© Владимир Невский, 2018 г.
В тот сентябрь первый предвестник осени – мелкий холодный дождь с ветром – пришёл рано. Обитатели благодатного южного края и их гости сидели по домам или, слоняясь по набережной, с недоумением выглядывали из-под зонтиков и капюшонов. Редкие смельчаки залезали в море. Но они не доплывали даже до буйков и, выйдя из воды, бросались под навес ближайшего бара. Здесь можно было согреться местным коньяком, цена которого приводила в радостное изумление всех иногородних, особенно москвичей и заблудившихся иностранцев.
Дмитрий Алексеевич зонтов не любил. Правда, дочь ему как-то подарила французский зонтик, но привычка оказалась сильнее. Он выбрался в «город» утром, когда морось только начиналась. А когда пошёл настоящий дождь, то уже не было смысла возвращаться. Дом – на самой окраине; полчаса пешком от центра. Лучше переждать на берегу, поскольку, как гласит народная мудрость, ранний дождь до обеда.
Дмитрий Алексеевич завистливо посмотрел на компанию из трёх мужчин, окруживших бутылку коньяка, вздохнул и побрёл к центральной площади. Там находилось уютное кафе, где никогда не было сутолоки, и где можно было попробовать вино десяти сортов. Конечно, лучше бы коньячку, но дважды залеченная язва реагировала на него так, будто готовила третье пришествие.

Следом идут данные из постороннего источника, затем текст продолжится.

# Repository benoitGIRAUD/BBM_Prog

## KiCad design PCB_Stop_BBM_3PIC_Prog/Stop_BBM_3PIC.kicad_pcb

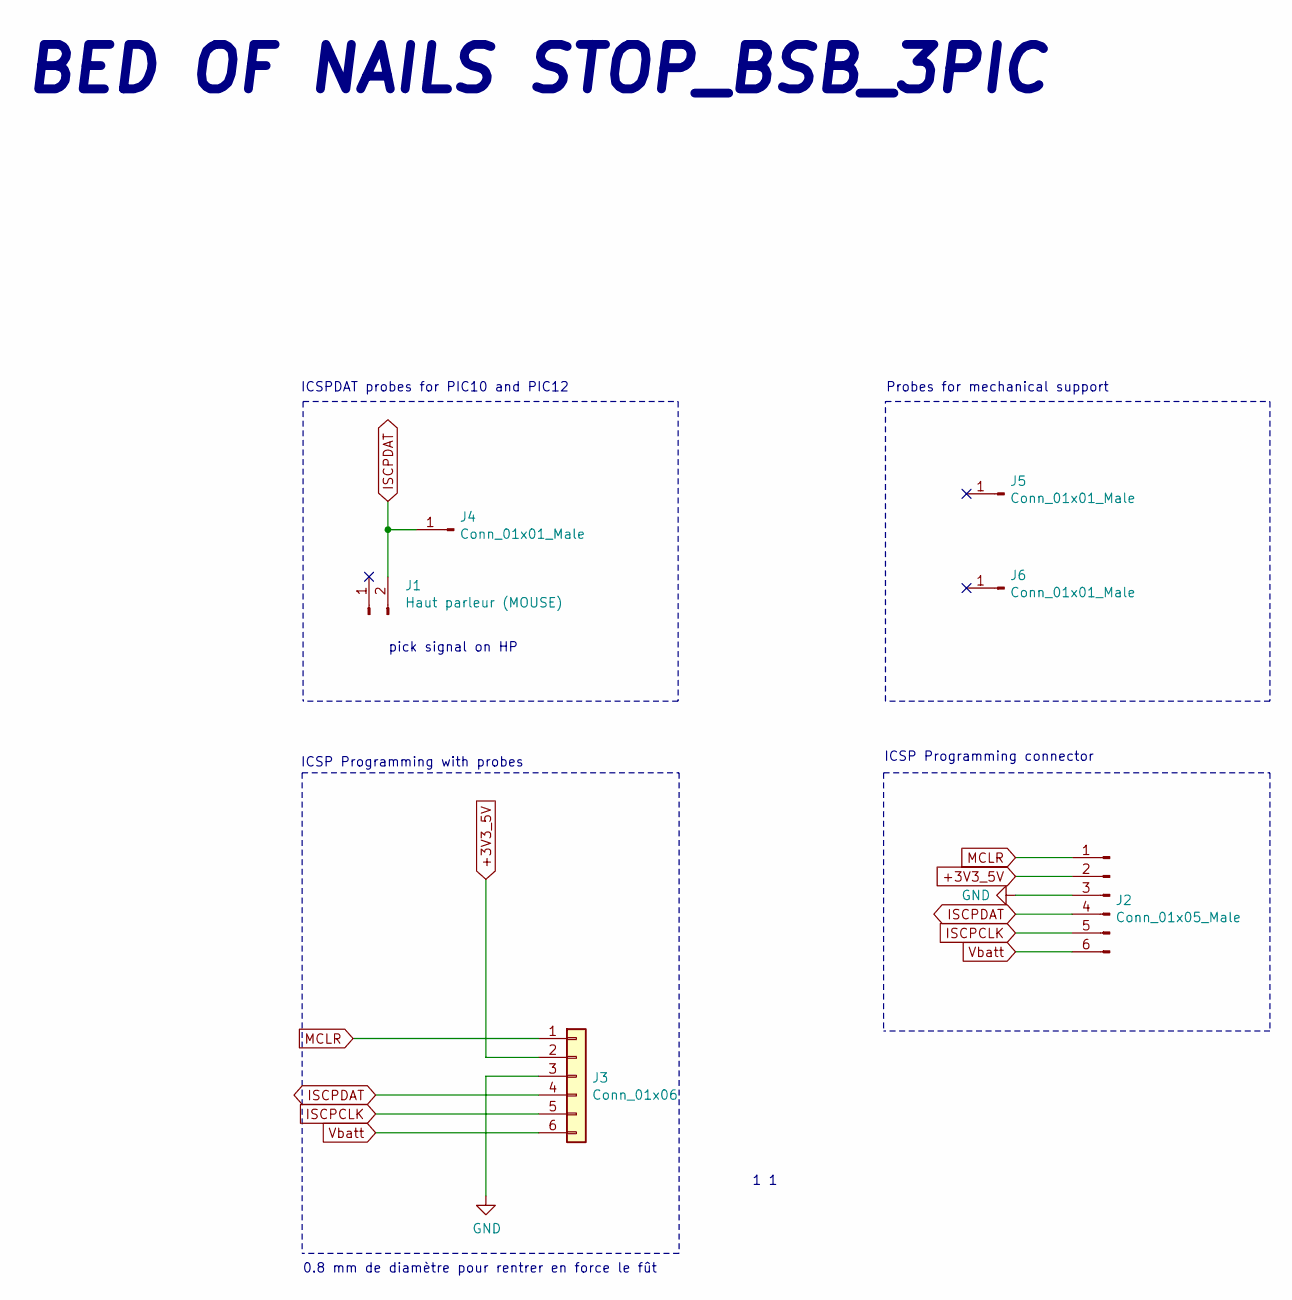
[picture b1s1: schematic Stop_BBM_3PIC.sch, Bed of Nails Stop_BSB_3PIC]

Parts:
J1: Haut parleur (MOUSE); SolderWirePad_1x01_SMD_5x10mm_BBM; Manufacturer PN ABS-209-RC
J2: Conn_01x05_Male; PinHeader_1x06_P2.54mm_Horizontal
J3: Conn_01x06; PinHeader_1x06_P2.54mm_Vertical
J4, J5, J6: Conn_01x01_Male; PinHeader_1x01_P2.54mm_Vertical

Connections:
+3V3_5V: J2.2, J3.2
GND: J2.3, J3.3
ISCPCLK: J2.5, J3.5
ISCPDAT: J1.2, J2.4, J3.4, J4.1
MCLR: J2.1, J3.1
Vbatt: J2.6, J3.6

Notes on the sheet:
1 1
ICSP Programming with probes
BED OF NAILS STOP_BSB_3PIC
ICSP Programming connector
ICSPDAT probes for PIC10 and PIC12
Probes for mechanical support
pick signal on HP
0.8 mm de diamètre pour rentrer en force le fût

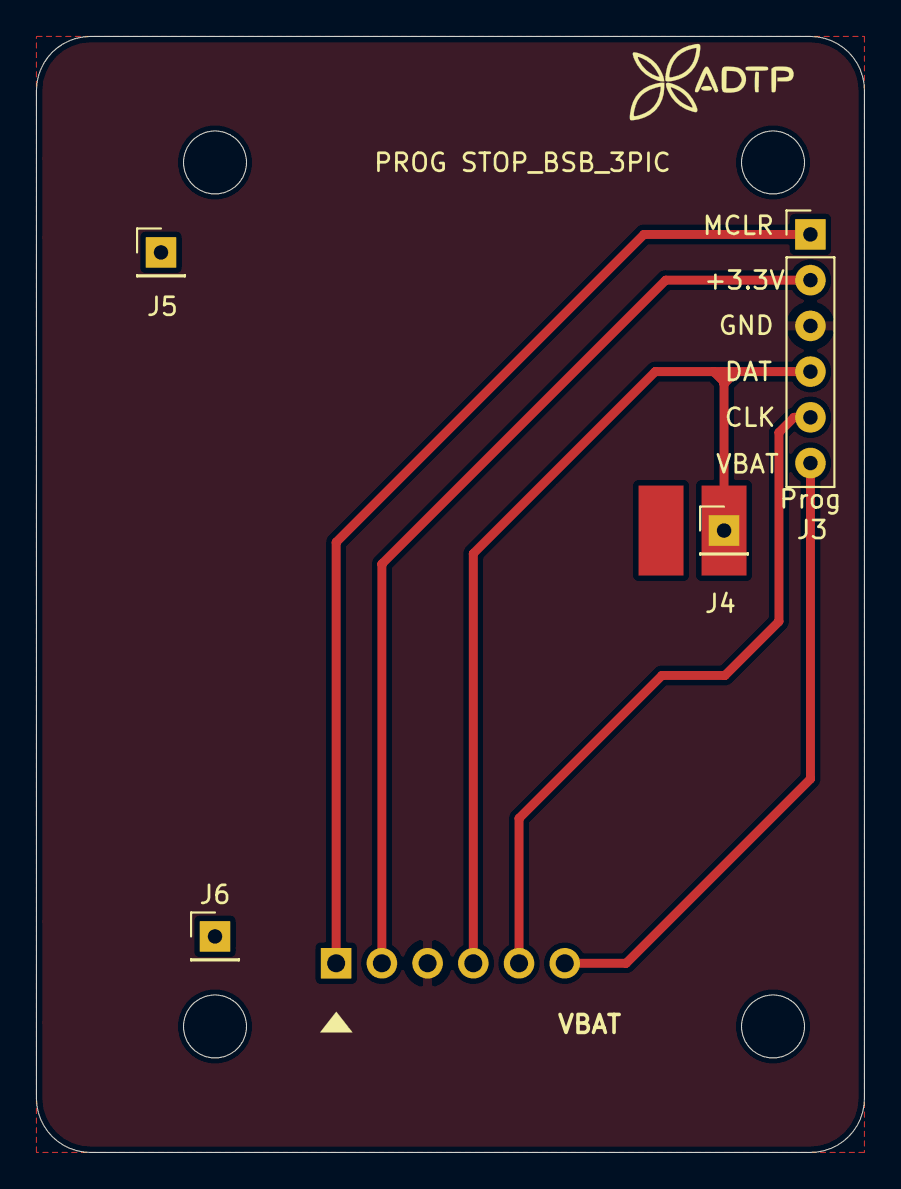
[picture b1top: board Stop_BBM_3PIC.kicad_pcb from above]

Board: 2 copper layers, 46.0 x 62.0 mm, 11 parts (1 on the bottom side), 6 nets.

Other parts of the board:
G21: LOGO; adtp
H1, H2, H3, H4: MountingHole_3.5mm

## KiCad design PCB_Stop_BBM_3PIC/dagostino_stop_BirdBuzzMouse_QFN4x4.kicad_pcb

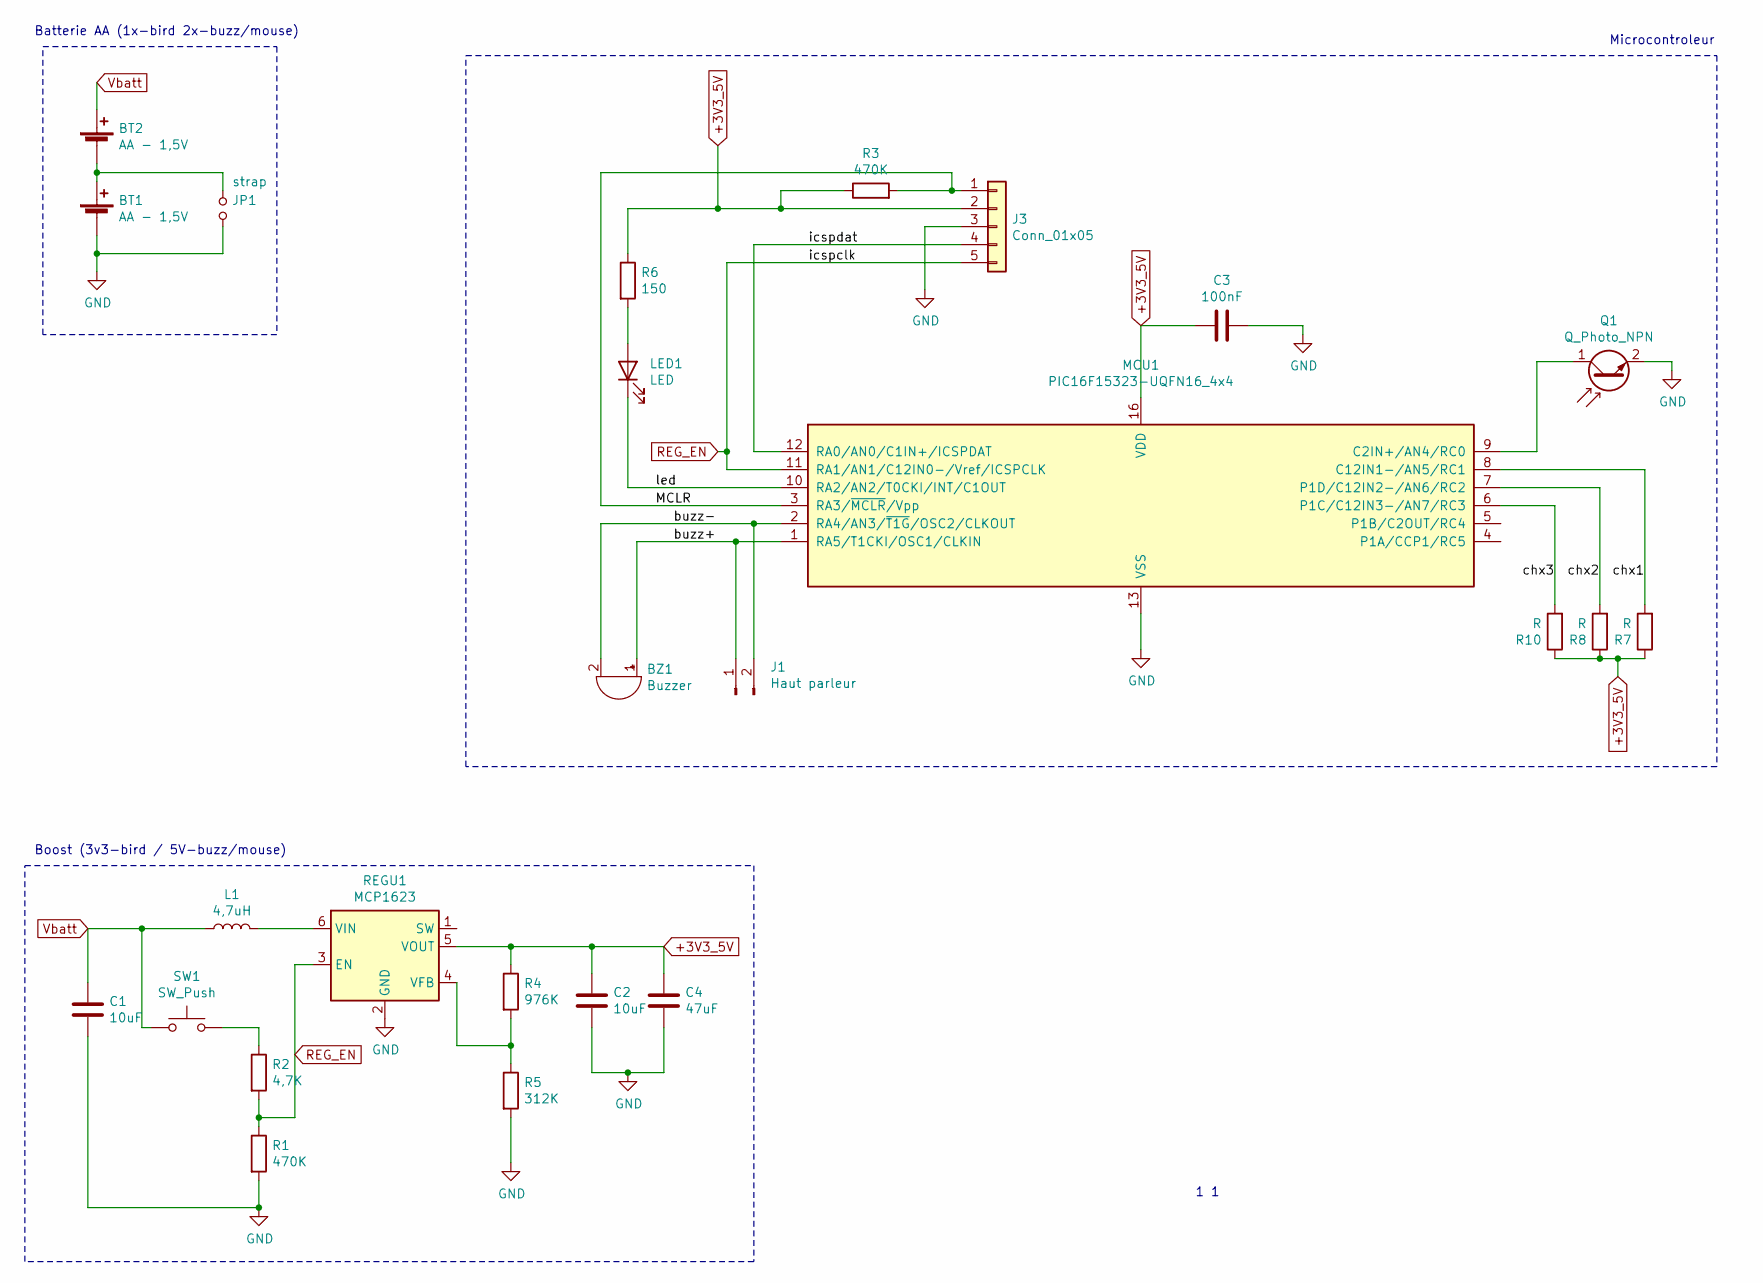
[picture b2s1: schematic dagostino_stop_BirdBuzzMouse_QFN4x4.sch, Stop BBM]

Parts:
BT1, BT2: AA - 1,5V; BatteryHolder_Keystone_2460_1xAA
BZ1: Buzzer; Buzzer_TDK_PS1240P02BT_D12.2mm_H6.5mm
C1: 10uF; C_0805_2012Metric_Pad1.18x1.45mm_HandSolder
C2: 10uF; C_0603_1608Metric_Pad1.08x0.95mm_HandSolder
C3: 100nF; C_0805_2012Metric_Pad1.18x1.45mm_HandSolder
C4: 47uF; C_1206_3216Metric_Pad1.33x1.80mm_HandSolder
J1: Haut parleur; PinHeader_1x02_P2.54mm_Vertical
J3: Conn_01x05; PinHeader_1x05_P2.54mm_Vertical
JP1: strap; SolderJumper-2_P1.3mm_Open_TrianglePad1.0x1.5mm
L1: 4,7uH; C_1210_3225Metric
LED1: LED; LED_0603_1608Metric
MCU1: PIC16F15323-UQFN16_4x4; QFN-16-1EP_4x4mm_P0.65mm_EP2.1x2.1mm; digikey PIC16F15323T-I/JQDKR-ND
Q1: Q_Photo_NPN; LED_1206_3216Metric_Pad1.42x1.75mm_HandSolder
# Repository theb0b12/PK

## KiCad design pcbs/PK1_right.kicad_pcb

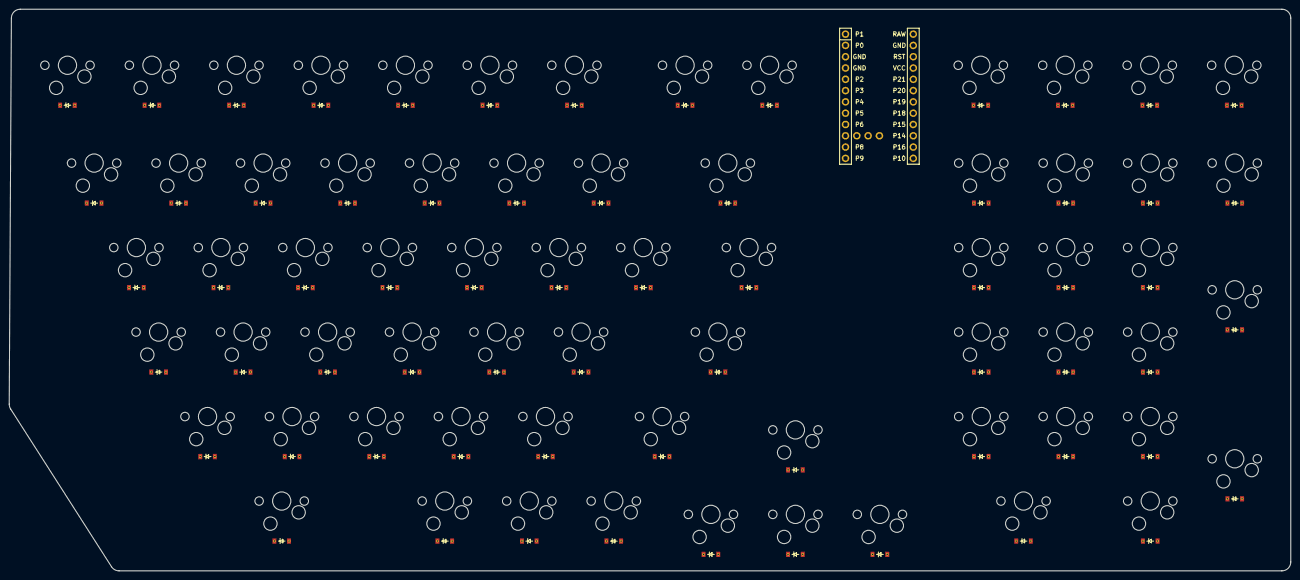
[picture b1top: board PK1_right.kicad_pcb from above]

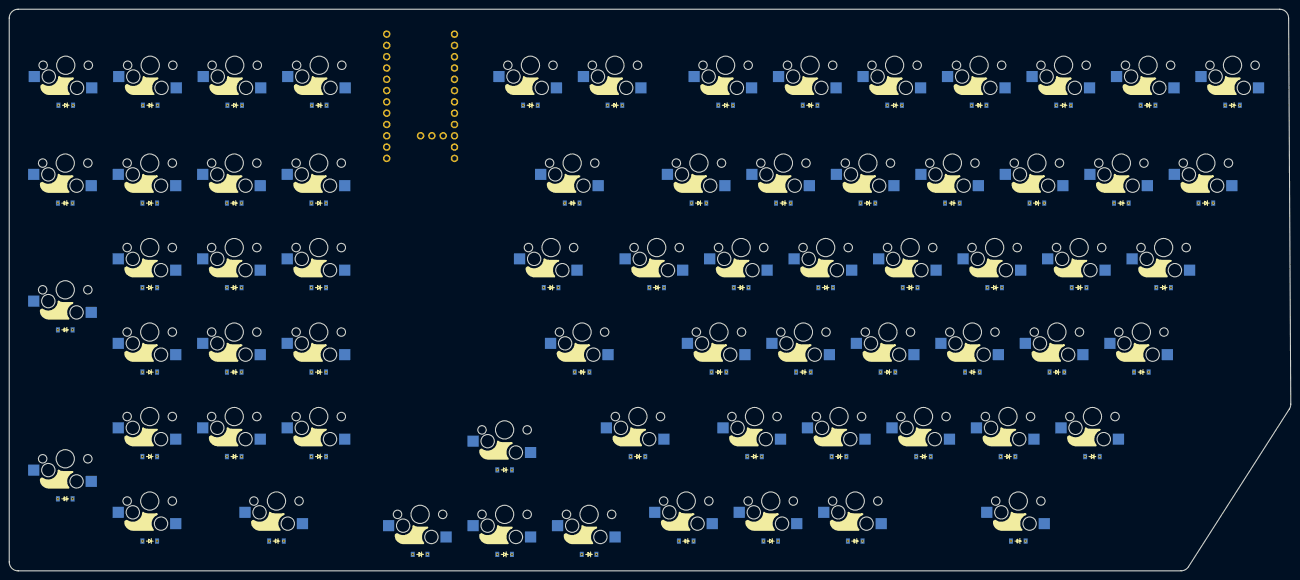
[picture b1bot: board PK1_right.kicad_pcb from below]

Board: 2 copper layers, 288.2 x 126.3 mm, 135 parts (67 on the bottom side), 85 nets, no tracks yet.

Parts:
D1, D2, D3, D4, D5, D6, D7, D8, D9, D10, D11, D12, D13, D14, D15, D16, D17, D18, D19, D20, D21, D22, D23, D24, D25, D26, D27, D28, D29, D30, D31, D32, D33, D34, D35, D36, D37, D38, D39, D40, D41, D42, D43, D44, D45, D46, D47, D48, D49, D50, D51, D52, D53, D54, D55, D56, D57, D58, D59, D60, D61, D62, D63, D64, D65, D66, D67: ComboDiode
MCU1: mcu_nice_nano
S1, S2, S3, S4, S5, S6, S7, S8, S9, S10, S11, S12, S13, S14, S15, S16, S17, S18, S19, S20, S21, S22, S23, S24, S25, S26, S27, S28, S29, S30, S31, S32, S33, S34, S35, S36, S37, S38, S39, S40, S41, S42, S43, S44, S45, S46, S47, S48, S49, S50, S51, S52, S53, S54, S55, S56, S57, S58, S59, S60, S61, S62, S63, S64, S65, S66, S67: switch_mx

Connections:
0_single: D66.1, D66.2, S66.2
1_single: D62.1, D62.2, S62.2
2_single: D63.1, D63.2, S63.2
3_single: D64.1, D64.2, S64.2
4_single: D59.1, D59.2, S59.2
5_single: D60.1, D60.2, S60.2
6_single: D61.1, D61.2, S61.2
7_single: D55.1, D55.2, S55.2
8_single: D56.1, D56.2, S56.2
9_single: D57.1, D57.2, S57.2
GND: MCU1.2, MCU1.21, MCU1.22
P0: MCU1.23, S1.1, S14.1, S22.1, S30.1, S37.1, S43.1
P1: MCU1.24, S2.1, S15.1, S23.1, S31.1, S38.1, S44.1
P2: MCU1.20, S3.1, S16.1, S24.1, S32.1, S39.1, S45.1
P3: MCU1.19, S4.1, S17.1, S25.1, S33.1, S40.1, S46.1
P4: MCU1.18, S5.1, S18.1, S26.1, S34.1, S41.1, S48.1
P5: MCU1.17, S6.1, S19.1, S27.1, S35.1, S42.1, S49.1
P6: MCU1.16, S7.1, S20.1, S28.1, S36.1, S47.1, S50.1
P7: MCU1.15, S8.1, S21.1, S29.1, S59.1, S62.1, S66.1
P8: MCU1.14, S9.1, S51.1, S55.1, S60.1, S63.1, S67.1
P9: MCU1.13, S10.1, S52.1, S56.1, S61.1, S64.1
P10: MCU1.12, S11.1, S53.1, S57.1, S65.1
P11: MCU1.25, S12.1, S54.1, S58.1
P12: MCU1.26, S13.1
P13: D1.1, D2.1, D3.1, D4.1, D5.1, D6.1, D7.1, D8.1, D9.1, D10.1, D11.1, D12.1, D13.1, MCU1.27
P14: D14.1, D15.1, D16.1, D17.1, D18.1, D19.1, D20.1, D21.1, D51.1, D52.1, D53.1, D54.1, MCU1.10
P15: D22.1, D23.1, D24.1, D25.1, D26.1, D27.1, D28.1, D29.1, D55.1, D56.1, D57.1, D58.1, MCU1.9
P16: D30.1, D31.1, D32.1, D33.1, D34.1, D35.1, D36.1, D59.1, D60.1, D61.1, MCU1.11
P17: D37.1, D38.1, D39.1, D40.1, D41.1, D42.1, D47.1, D62.1, D63.1, D64.1, D65.1
P18: D43.1, D44.1, D45.1, D46.1, D48.1, D49.1, D50.1, D66.1, D67.1, MCU1.8
backslash_single: D29.1, D29.2, S29.2
backspc_single: D21.1, D21.2, S21.2
bracket1_single: D27.1, D27.2, S27.2
bracket2_single: D28.1, D28.2, S28.2
colon_single: D34.1, D34.2, S34.2
comma_single: D39.1, D39.2, S39.2
delete_single: D9.1, D9.2, S9.2
dot_single: D67.1, D67.2, S67.2
down_single: D49.1, D49.2, S49.2
enter_single: D36.1, D36.2, D65.1, D65.2, S36.2, S65.2
equals_single: D20.1, D20.2, S20.2
fn_single: D45.1, D45.2, S45.2
func6_single: D1.1, D1.2, S1.2
func7_single: D2.1, D2.2, S2.2
func8_single: D3.1, D3.2, S3.2
func9_single: D4.1, D4.2, S4.2
func10_single: D5.1, D5.2, S5.2
func11_single: D6.1, D6.2, S6.2
func12_single: D7.1, D7.2, S7.2
h_single: D30.1, D30.2, S30.2
home_single: D10.1, D10.2, S10.2
hyphen_single: D19.1, D19.2, S19.2
i_single: D24.1, D24.2, S24.2
insert_single: D11.1, D11.2, S11.2
j_single: D31.1, D31.2, S31.2
k_single: D32.1, D32.2, S32.2
l_single: D33.1, D33.2, S33.2
left_single: D48.1, D48.2, S48.2
m_single: D38.1, D38.2, S38.2
minus_single: D54.1, D54.2, S54.2
n_single: D37.1, D37.2, S37.2
num6_single: D14.1, D14.2, S14.2
num7_single: D15.1, D15.2, S15.2
num8_single: D16.1, D16.2, S16.2
num9_single: D17.1, D17.2, S17.2
num10_single: D18.1, D18.2, S18.2
num_single: D51.1, D51.2, S51.2
o_single: D25.1, D25.2, S25.2
p_single: D26.1, D26.2, S26.2
period_single: D40.1, D40.2, S40.2
pgdn_single: D13.1, D13.2, S13.2
pgup_single: D12.1, D12.2, S12.2
plus_single: D58.1, D58.2, S58.2
printscreen_single: D8.1, D8.2, S8.2
quotes_single: D35.1, D35.2, S35.2
rcntrl_single: D46.1, D46.2, S46.2
right_single: D50.1, D50.2, S50.2
rightalt_single: D44.1, D44.2, S44.2
shift_single: D42.1, D42.2, S42.2
slash_single: D41.1, D41.2, D52.1, D52.2, S41.2, S52.2
space_single: D43.1, D43.2, S43.2
star_single: D53.1, D53.2, S53.2
u_single: D23.1, D23.2, S23.2
up_single: D47.1, D47.2, S47.2
y_single: D22.1, D22.2, S22.2

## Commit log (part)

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2026-06-25 added right and renamed
2026-06-25 updated the name because its right
2026-06-25 made the pcb work
2026-06-26 added more keys
2026-06-26 added outline one
2026-06-27 updated and cleaned it up
2026-06-27 removed unneeded pcb things
2026-06-27 Modify stack operation points in PK1_right.yaml
    Updated references and shifts for stack operation points in PK1_right.yaml.

Обычно он садился за дальний угловой столик, который был идеальным местом для одиночек. К сожалению, именно этот столик сегодня оказался занят. Там сидел, судя по пышной, но седой шевелюре, ровесник Дмитрия. Смотрел он только в свою рюмку, не поднимая головы и, вероятно, о чём-то размышляя.
Пришлось расположиться по соседству.
Странно, но именно здесь, в этом симпатичном и несуетном, – как, например, Сочи, – приморском городе он начал ощущать стойкую непреходящую грусть. С момента его приезда сюда прошло пять месяцев. Пять месяцев беззаботного курортного сезона, жаркой, иногда изматывающей погоды, постоянного мельтешения молодых, едва прикрытых яркой одежонкой дам, взгляды которых скользили по встречным прохожим и никогда не задерживались на нём… Пять месяцев назад он решительно перепрыгнул из зимы в лето, минуя весну, расставшись навсегда и с «севером», и с «востоком», помня каждый день о том, что болезни, полученные «там», не позволят ему ни наслаждаться жизнью, ни рассчитывать на такой отпущенный срок, когда можно планировать своё будущее, мечтать и надеяться.
Ни страха, ни сожалений.
Только грусть, обещающая не отпускать его до самого судного дня.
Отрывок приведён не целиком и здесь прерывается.